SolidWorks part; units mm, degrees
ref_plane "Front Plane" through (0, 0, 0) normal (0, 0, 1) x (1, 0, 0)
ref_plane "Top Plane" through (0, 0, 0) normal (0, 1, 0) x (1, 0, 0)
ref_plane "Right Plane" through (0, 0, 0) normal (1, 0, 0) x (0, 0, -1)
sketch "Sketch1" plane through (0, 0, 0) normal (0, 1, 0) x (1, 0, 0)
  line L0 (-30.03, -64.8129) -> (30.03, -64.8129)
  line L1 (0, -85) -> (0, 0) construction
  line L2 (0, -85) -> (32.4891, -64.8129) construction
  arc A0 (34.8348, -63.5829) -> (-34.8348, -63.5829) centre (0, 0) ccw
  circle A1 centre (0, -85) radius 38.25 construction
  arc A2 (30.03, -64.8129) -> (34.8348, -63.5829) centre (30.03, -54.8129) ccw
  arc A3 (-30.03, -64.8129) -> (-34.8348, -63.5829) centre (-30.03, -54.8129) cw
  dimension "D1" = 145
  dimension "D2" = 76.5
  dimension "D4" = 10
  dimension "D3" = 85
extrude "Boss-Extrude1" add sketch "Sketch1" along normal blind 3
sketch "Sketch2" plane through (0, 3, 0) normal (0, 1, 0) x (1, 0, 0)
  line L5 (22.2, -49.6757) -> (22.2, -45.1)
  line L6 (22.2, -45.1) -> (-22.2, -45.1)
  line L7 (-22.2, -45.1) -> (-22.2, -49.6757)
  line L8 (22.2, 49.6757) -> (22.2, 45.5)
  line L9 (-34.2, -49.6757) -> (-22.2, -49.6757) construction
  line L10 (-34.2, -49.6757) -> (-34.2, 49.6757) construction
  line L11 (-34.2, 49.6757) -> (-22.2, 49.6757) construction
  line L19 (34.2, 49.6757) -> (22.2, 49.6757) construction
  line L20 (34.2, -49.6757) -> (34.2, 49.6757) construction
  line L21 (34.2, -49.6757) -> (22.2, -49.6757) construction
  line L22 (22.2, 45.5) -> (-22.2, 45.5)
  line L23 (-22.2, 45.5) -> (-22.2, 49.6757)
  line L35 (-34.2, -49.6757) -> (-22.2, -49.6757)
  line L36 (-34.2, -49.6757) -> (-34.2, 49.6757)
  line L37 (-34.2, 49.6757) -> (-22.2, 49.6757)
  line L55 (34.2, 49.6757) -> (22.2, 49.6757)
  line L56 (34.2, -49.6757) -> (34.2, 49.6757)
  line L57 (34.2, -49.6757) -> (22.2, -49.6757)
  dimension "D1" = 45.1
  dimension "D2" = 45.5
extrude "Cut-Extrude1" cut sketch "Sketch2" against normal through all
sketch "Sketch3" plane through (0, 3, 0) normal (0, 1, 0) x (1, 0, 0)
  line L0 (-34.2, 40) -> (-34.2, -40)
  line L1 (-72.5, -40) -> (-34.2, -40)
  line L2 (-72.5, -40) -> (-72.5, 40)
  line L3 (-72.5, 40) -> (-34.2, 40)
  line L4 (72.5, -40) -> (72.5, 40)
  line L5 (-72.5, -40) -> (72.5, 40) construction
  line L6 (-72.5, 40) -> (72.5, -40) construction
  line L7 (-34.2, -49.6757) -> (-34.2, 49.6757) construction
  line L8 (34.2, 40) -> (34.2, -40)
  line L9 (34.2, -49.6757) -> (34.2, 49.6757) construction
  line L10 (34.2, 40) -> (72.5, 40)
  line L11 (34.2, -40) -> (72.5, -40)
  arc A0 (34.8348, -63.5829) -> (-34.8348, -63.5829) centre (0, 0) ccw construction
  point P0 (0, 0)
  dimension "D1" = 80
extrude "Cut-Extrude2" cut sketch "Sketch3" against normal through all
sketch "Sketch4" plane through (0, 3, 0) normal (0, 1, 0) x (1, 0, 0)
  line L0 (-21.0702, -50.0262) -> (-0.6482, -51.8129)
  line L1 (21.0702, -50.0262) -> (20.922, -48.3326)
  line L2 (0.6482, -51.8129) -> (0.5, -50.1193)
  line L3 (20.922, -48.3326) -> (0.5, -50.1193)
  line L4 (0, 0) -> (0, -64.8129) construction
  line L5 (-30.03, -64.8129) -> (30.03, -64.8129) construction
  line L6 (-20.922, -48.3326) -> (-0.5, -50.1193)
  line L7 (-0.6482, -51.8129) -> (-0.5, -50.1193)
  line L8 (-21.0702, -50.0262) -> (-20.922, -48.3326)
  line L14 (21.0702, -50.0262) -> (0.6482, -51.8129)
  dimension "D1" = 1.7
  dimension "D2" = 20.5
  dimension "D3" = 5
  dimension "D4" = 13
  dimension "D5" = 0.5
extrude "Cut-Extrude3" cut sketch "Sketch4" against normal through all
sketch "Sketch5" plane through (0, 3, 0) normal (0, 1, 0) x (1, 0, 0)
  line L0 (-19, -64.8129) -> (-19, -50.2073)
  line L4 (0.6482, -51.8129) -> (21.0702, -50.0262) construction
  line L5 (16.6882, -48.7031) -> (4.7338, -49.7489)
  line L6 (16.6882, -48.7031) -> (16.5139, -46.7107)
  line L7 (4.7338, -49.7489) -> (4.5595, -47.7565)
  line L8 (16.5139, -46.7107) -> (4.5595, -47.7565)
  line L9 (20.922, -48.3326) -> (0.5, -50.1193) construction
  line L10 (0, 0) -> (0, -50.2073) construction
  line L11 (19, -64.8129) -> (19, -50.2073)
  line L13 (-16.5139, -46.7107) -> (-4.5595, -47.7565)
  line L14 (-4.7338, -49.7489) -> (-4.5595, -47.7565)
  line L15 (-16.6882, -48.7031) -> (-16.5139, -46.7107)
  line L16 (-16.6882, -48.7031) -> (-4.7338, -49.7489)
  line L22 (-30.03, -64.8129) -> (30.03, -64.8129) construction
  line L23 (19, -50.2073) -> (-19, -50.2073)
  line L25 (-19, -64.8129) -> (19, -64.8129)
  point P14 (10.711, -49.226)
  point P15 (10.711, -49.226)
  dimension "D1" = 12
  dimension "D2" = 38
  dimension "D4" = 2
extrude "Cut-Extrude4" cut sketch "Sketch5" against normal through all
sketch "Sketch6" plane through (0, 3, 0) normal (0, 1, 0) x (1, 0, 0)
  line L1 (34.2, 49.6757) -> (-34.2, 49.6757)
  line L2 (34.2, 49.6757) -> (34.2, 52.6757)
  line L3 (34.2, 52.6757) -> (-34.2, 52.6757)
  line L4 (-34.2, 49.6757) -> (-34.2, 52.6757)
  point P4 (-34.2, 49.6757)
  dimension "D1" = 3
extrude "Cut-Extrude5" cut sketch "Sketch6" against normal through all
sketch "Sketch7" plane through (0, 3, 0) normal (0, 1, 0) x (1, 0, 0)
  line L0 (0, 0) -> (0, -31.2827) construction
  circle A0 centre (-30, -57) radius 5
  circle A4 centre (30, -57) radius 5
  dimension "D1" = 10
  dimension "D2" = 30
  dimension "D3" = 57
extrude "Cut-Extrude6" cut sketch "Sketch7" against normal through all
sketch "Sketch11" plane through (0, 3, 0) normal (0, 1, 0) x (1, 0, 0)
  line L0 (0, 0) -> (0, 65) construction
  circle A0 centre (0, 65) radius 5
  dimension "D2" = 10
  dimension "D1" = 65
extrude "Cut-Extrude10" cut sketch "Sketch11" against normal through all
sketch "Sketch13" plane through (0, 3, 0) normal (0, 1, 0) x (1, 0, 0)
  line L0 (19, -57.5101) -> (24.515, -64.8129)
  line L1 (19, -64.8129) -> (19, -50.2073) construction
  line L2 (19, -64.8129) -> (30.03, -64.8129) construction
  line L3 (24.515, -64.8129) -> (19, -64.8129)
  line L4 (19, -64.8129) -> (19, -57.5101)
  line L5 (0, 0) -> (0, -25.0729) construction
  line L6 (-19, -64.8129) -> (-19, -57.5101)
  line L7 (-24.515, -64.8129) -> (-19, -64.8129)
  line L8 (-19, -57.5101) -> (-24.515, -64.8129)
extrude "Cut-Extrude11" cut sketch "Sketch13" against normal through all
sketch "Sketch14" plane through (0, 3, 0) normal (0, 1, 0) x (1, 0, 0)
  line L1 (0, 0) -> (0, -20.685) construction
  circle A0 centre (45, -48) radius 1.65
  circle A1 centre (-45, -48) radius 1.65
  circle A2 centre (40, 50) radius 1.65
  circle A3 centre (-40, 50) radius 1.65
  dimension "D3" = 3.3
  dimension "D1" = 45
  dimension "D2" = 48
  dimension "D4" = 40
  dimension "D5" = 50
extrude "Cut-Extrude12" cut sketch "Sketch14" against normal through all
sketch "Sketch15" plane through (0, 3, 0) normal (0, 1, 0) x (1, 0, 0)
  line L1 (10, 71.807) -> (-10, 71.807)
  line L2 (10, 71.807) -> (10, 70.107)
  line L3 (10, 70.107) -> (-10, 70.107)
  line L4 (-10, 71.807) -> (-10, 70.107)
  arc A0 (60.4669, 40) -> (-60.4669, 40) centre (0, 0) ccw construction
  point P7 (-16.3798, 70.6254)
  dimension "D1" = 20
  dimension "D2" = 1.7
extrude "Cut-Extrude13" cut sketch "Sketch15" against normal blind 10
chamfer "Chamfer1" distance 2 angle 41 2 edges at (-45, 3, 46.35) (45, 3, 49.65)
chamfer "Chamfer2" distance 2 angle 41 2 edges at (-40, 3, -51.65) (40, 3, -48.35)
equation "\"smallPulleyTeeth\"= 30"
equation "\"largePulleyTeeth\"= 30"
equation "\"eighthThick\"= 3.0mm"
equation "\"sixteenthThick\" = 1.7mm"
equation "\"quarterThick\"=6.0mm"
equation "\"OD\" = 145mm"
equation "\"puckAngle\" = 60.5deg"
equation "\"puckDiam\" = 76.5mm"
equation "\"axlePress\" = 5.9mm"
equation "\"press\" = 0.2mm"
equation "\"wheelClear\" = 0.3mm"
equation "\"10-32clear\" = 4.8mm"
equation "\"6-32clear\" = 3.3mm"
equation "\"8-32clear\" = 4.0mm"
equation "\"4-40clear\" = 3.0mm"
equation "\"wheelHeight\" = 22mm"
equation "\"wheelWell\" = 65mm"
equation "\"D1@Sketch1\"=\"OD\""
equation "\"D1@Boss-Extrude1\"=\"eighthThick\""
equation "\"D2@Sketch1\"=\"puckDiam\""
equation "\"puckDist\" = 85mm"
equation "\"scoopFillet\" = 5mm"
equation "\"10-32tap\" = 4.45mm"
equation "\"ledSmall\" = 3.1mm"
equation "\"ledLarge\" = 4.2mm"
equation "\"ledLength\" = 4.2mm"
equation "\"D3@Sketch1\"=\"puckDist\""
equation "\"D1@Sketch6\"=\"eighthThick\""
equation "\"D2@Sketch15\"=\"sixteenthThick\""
·····
_Try it_
Using the entries above, return each line in which the word "puckDist" occurs.

_Finished task_
equation "\"puckDist\" = 85mm"
equation "\"D3@Sketch1\"=\"puckDist\""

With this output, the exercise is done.